## [YOUR GOAL]
What lines of the data below hold "Boss"? Show them.

## [DATASET CONTENT]
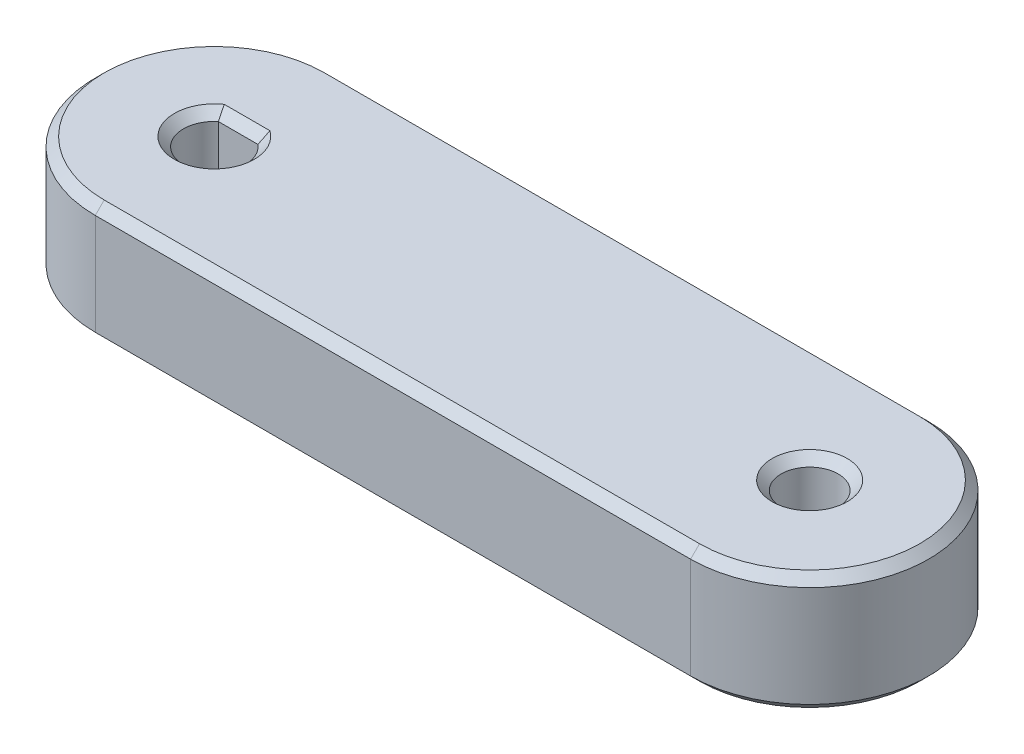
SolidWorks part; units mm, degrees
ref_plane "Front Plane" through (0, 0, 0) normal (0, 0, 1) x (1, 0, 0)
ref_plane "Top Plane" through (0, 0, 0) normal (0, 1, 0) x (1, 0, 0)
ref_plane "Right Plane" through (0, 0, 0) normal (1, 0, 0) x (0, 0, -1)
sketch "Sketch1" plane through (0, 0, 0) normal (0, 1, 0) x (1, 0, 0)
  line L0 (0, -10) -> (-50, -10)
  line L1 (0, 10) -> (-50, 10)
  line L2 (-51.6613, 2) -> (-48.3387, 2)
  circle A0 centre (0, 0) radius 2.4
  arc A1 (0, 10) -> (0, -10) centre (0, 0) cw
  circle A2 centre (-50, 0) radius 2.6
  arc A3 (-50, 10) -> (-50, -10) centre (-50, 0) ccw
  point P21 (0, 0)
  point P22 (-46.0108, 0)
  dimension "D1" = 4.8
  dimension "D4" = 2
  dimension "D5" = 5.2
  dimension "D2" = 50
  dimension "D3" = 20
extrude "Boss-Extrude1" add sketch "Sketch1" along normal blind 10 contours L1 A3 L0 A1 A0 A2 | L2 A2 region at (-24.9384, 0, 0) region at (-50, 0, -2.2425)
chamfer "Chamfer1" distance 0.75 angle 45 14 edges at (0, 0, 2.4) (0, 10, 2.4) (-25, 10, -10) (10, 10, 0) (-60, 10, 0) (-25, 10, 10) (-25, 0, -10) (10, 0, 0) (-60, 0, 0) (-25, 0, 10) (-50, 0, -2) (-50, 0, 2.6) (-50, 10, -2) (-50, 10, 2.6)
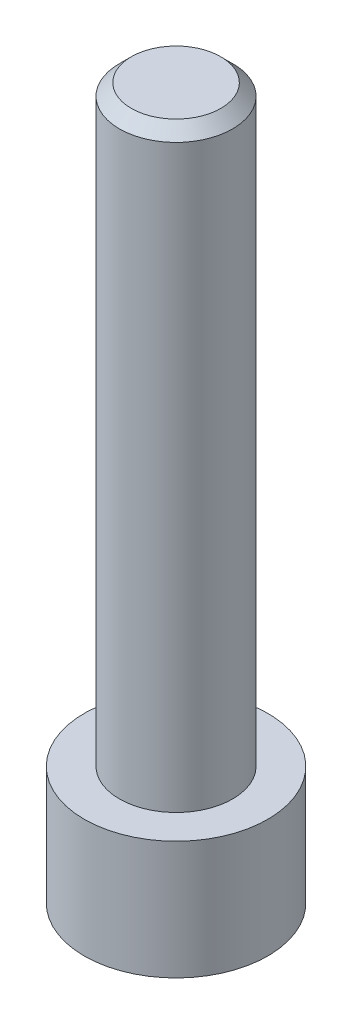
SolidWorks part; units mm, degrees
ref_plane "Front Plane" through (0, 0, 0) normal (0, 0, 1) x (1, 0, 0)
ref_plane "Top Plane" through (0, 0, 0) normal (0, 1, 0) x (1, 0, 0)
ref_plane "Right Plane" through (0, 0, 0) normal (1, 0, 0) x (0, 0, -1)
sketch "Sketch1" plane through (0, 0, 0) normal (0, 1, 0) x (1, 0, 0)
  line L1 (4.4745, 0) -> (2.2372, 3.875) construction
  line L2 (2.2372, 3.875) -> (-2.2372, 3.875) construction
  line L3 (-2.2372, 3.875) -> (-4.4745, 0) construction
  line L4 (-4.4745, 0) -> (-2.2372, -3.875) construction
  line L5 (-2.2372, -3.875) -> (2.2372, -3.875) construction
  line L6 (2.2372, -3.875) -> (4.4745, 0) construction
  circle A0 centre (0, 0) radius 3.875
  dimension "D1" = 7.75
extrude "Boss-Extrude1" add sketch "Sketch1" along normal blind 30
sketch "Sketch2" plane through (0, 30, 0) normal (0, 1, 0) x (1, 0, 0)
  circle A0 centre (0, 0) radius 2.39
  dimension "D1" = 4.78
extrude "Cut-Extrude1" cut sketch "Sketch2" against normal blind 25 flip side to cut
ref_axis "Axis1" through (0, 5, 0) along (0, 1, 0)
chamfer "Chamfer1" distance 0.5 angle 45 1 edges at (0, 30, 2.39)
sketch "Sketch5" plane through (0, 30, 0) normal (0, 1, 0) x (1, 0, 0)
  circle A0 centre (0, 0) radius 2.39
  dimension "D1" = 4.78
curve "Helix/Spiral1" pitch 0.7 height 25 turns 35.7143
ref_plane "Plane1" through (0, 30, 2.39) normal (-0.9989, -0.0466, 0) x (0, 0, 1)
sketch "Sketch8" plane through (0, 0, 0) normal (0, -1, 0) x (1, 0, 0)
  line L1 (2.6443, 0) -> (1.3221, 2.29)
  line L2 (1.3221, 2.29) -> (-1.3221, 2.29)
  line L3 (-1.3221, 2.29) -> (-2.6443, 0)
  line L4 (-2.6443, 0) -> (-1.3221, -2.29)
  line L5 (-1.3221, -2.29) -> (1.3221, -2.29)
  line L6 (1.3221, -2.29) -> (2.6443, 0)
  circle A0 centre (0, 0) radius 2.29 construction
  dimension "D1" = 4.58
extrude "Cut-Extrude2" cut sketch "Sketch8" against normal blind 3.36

## [OUTPUT OF THE EXERCISE]
extrude "Boss-Extrude1" add sketch "Sketch1" along normal blind 10 contours L1 A3 L0 A1 A0 A2 | L2 A2 region at (-24.9384, 0, 0) region at (-50, 0, -2.2425)
extrude "Boss-Extrude1" add sketch "Sketch1" along normal blind 30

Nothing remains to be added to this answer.